» **Your objective**
Using the records below, quote only the span that opens with the line containing "circle A6 centre (-10.3923, 6) radius 1.65" and closes with the line containing "plane through (0, 0, 7.5)", exactly and inclusively.

» **Dataset records**

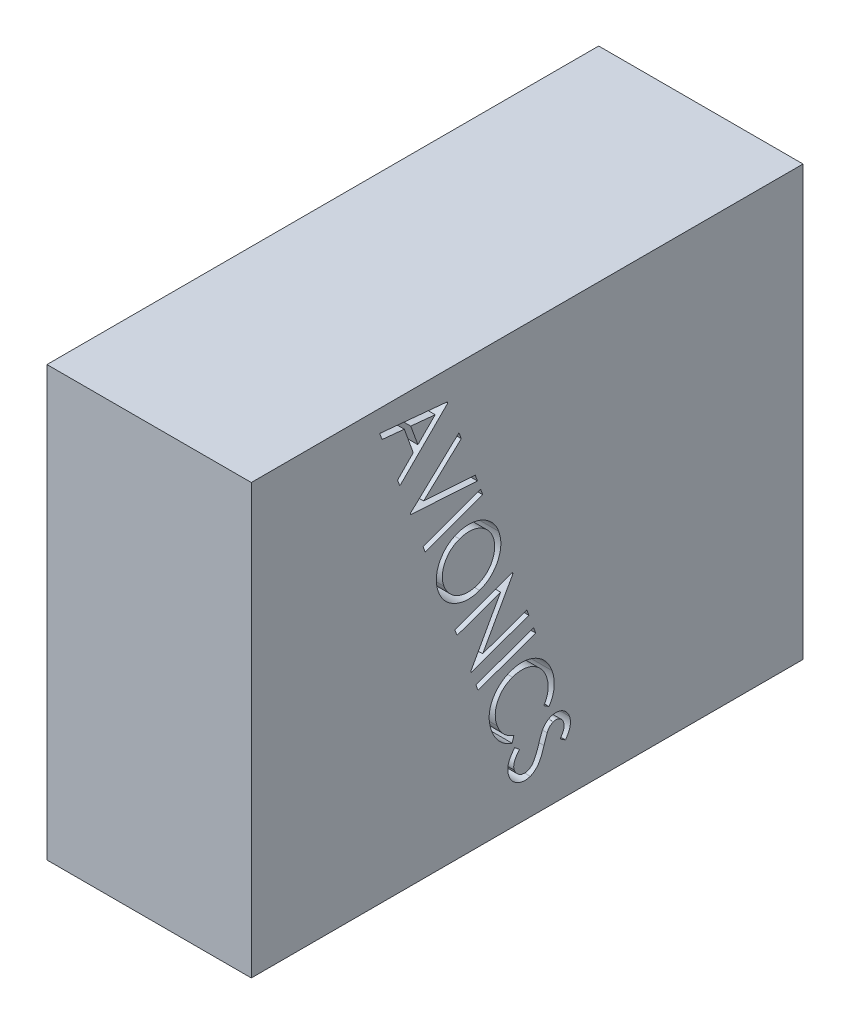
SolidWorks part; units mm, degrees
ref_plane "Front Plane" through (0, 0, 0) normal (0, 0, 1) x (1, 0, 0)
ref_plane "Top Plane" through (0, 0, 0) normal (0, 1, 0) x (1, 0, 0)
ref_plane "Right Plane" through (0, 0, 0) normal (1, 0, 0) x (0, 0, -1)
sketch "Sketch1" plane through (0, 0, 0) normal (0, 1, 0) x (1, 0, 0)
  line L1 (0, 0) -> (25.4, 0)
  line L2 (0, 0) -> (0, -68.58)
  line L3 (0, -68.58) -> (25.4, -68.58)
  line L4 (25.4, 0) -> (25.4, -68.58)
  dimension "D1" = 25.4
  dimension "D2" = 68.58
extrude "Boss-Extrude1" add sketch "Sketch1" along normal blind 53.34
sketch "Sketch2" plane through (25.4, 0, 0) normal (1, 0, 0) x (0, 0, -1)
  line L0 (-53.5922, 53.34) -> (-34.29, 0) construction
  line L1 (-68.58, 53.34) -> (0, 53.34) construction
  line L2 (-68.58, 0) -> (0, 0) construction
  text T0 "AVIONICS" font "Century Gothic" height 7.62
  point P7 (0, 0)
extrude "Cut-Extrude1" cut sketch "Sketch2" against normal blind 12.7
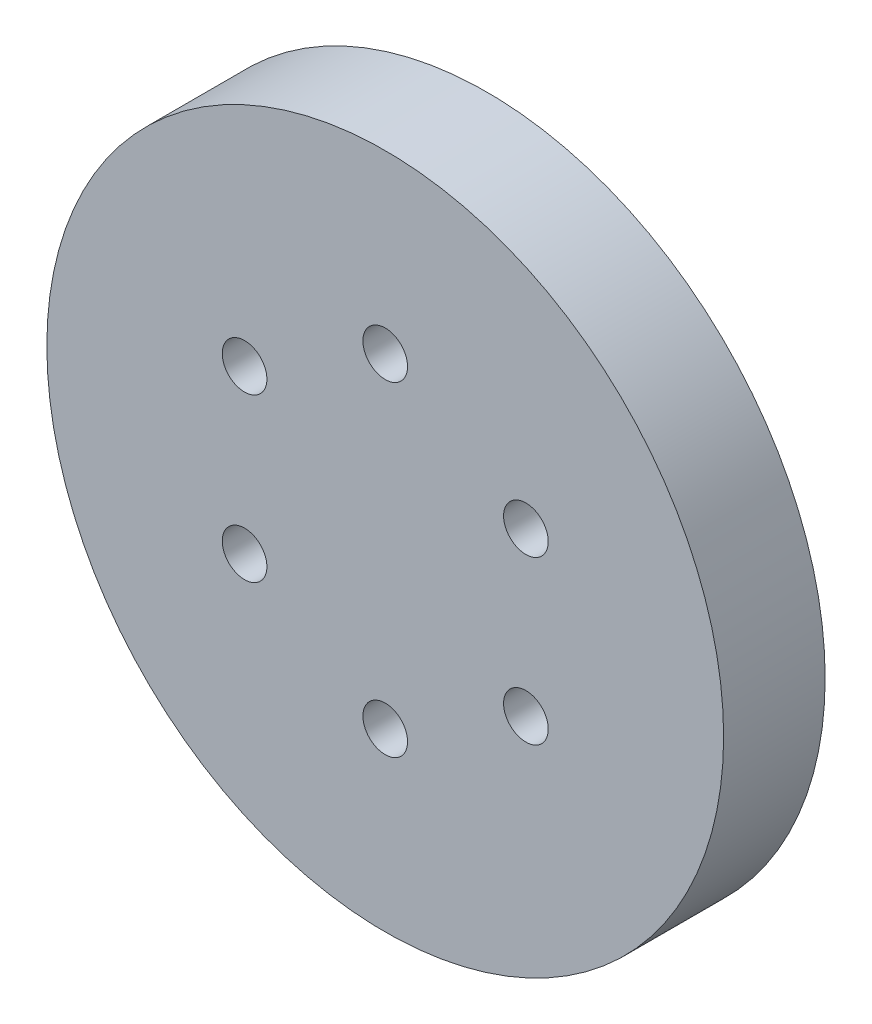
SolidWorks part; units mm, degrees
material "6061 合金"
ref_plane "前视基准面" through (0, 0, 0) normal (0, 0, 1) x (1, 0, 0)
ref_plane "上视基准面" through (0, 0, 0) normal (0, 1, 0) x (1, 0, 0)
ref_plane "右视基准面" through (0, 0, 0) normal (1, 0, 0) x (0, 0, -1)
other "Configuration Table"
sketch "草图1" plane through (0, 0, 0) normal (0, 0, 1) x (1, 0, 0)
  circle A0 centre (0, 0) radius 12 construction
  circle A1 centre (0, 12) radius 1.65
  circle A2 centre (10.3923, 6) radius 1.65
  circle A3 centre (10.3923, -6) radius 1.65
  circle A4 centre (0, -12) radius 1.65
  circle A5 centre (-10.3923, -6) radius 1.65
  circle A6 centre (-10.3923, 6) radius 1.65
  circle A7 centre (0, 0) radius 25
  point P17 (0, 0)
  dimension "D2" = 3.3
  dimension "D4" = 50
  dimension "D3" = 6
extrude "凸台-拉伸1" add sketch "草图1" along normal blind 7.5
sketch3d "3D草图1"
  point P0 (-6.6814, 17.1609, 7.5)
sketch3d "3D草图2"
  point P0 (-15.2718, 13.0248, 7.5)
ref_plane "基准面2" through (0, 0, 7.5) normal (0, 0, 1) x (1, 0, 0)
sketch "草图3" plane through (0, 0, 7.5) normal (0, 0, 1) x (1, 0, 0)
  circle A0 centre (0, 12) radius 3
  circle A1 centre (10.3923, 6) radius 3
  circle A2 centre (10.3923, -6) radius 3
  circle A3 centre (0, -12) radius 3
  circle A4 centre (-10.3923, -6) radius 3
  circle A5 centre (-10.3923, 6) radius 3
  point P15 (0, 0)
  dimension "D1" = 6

» **Exercise solution**
  circle A6 centre (-10.3923, 6) radius 1.65
  circle A7 centre (0, 0) radius 25
  point P17 (0, 0)
  dimension "D2" = 3.3
  dimension "D4" = 50
  dimension "D3" = 6
extrude "凸台-拉伸1" add sketch "草图1" along normal blind 7.5
sketch3d "3D草图1"
  point P0 (-6.6814, 17.1609, 7.5)
sketch3d "3D草图2"
  point P0 (-15.2718, 13.0248, 7.5)
ref_plane "基准面2" through (0, 0, 7.5) normal (0, 0, 1) x (1, 0, 0)
sketch "草图3" plane through (0, 0, 7.5) normal (0, 0, 1) x (1, 0, 0)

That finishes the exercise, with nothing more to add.